**Records drawn from a dataset**
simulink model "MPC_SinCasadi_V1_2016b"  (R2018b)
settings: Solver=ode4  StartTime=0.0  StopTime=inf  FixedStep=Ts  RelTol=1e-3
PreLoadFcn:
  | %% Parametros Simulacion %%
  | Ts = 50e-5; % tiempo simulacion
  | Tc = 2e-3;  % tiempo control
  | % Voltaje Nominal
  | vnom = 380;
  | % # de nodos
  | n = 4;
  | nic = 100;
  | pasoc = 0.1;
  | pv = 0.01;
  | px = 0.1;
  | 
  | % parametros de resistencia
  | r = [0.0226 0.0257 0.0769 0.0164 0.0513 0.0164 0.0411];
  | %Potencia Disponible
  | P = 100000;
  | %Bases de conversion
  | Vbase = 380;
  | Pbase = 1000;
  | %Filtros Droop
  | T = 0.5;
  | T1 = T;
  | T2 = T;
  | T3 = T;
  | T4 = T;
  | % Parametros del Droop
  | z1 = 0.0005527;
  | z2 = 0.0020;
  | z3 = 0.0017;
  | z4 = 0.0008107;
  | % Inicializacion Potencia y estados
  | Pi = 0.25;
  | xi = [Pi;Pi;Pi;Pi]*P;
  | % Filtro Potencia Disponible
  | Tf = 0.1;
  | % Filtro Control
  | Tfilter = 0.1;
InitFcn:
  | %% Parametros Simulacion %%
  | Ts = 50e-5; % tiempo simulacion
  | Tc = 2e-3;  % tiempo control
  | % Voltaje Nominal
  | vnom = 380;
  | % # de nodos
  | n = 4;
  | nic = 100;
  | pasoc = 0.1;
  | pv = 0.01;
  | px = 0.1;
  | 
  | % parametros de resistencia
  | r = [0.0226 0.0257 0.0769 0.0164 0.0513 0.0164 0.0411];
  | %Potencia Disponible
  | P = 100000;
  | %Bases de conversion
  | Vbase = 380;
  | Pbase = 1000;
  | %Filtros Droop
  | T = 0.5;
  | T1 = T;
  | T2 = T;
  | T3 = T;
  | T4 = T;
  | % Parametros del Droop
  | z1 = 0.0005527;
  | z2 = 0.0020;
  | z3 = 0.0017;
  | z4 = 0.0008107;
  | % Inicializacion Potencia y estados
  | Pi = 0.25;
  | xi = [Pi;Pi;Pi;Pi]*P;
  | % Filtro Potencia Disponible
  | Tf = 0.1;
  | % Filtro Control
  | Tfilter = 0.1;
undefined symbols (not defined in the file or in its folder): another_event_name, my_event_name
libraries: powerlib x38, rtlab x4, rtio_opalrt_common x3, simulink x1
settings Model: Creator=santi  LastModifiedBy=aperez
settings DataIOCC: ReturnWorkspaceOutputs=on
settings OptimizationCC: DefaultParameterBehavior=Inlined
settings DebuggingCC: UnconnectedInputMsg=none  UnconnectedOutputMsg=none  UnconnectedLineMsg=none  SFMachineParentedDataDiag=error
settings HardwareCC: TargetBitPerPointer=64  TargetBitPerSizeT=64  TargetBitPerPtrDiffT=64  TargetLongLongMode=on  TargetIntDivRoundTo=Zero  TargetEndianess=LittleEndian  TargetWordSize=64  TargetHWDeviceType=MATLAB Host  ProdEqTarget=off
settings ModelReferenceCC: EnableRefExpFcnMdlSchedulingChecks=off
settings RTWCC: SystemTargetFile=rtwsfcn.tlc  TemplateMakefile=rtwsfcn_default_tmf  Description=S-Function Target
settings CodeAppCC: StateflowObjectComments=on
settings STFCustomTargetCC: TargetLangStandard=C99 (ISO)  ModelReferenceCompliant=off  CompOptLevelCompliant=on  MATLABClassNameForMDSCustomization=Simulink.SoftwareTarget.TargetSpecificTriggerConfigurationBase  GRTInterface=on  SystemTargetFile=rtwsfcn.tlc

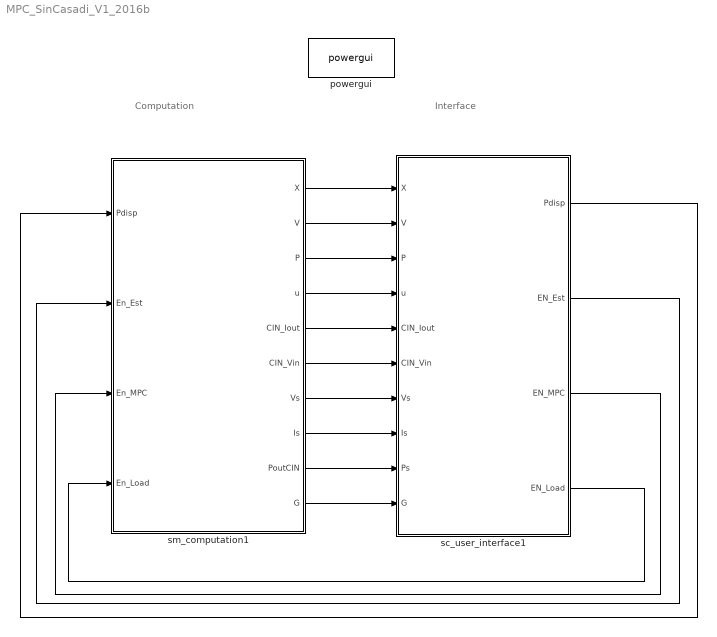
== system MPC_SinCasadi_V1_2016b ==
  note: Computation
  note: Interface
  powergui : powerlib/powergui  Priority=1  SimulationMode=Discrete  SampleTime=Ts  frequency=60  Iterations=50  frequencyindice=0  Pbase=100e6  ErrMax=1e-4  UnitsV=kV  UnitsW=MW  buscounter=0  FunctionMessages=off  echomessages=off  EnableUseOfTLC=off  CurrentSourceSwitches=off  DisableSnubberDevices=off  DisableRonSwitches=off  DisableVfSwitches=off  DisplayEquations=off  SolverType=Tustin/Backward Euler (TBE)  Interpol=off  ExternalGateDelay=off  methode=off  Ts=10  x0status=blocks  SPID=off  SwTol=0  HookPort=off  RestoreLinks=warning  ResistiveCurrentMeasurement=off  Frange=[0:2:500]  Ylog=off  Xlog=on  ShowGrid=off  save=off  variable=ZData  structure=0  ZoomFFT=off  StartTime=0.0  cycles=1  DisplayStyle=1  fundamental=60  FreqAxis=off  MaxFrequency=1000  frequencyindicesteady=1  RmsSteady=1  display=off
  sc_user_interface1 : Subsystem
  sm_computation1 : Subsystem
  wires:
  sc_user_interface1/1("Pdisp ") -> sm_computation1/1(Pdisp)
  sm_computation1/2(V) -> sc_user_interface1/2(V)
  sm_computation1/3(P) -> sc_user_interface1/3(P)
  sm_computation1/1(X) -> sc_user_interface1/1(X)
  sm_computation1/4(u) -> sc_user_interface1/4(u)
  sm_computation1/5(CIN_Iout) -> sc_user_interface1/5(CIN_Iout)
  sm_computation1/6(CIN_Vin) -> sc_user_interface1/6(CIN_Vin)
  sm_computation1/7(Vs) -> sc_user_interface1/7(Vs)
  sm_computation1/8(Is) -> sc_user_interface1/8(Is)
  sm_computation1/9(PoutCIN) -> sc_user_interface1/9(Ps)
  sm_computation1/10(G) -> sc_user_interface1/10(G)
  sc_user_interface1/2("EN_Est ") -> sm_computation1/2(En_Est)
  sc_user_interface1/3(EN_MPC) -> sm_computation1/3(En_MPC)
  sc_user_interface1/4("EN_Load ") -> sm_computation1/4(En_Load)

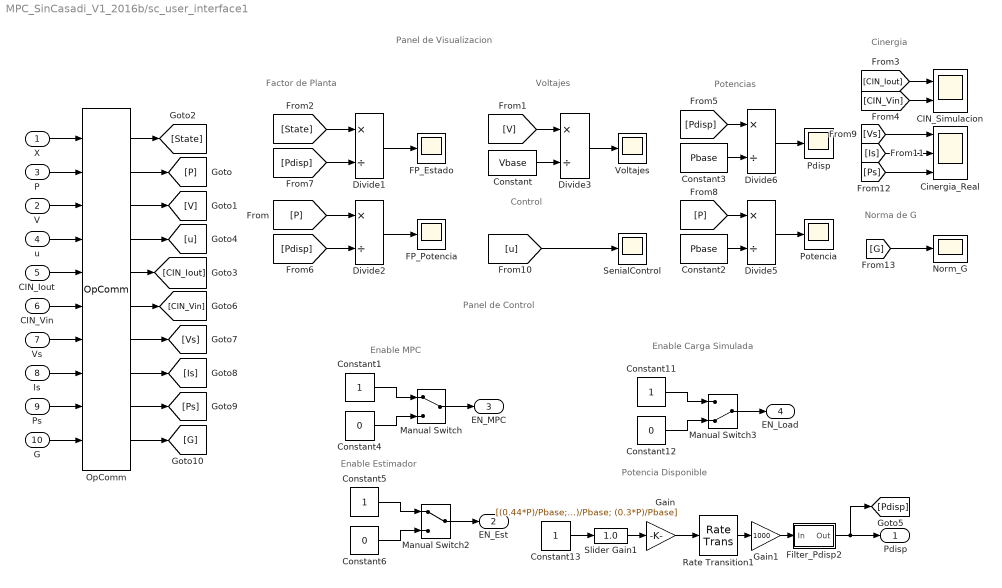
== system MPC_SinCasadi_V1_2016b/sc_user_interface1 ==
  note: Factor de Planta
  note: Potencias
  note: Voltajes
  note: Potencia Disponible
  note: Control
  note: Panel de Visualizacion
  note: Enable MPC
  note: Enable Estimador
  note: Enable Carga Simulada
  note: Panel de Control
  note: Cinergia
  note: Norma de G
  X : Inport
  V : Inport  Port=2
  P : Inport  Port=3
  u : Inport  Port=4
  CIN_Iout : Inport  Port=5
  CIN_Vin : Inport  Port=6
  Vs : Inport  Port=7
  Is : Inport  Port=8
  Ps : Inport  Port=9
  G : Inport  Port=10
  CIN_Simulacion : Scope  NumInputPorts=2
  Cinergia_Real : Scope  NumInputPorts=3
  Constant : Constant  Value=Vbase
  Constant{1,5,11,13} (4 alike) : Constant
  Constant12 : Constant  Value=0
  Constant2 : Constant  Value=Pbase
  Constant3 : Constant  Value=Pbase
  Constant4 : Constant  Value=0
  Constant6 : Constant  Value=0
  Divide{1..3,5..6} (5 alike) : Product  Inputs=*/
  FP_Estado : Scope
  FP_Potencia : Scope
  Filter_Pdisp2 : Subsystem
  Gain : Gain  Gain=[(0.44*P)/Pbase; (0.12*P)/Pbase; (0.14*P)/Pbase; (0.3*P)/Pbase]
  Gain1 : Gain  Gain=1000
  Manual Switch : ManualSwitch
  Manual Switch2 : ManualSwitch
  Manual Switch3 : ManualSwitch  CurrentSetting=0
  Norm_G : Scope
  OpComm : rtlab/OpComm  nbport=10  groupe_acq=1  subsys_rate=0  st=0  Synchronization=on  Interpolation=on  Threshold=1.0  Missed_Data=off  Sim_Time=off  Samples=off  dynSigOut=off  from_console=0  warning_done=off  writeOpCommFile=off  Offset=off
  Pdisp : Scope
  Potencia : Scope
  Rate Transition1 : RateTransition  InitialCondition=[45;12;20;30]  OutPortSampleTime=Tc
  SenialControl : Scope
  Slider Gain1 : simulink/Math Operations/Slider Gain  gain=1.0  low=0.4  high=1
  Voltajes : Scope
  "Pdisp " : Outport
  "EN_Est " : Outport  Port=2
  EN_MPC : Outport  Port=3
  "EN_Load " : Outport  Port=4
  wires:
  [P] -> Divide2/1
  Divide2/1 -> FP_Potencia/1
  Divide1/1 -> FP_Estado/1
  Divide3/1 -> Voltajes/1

**YOUR TASK**
Wherever the word "NumInputPorts" appears in the data, return the whole line.

**SOLUTION FOR THIS EXERCISE**
  CIN_Simulacion : Scope  NumInputPorts=2
  Cinergia_Real : Scope  NumInputPorts=3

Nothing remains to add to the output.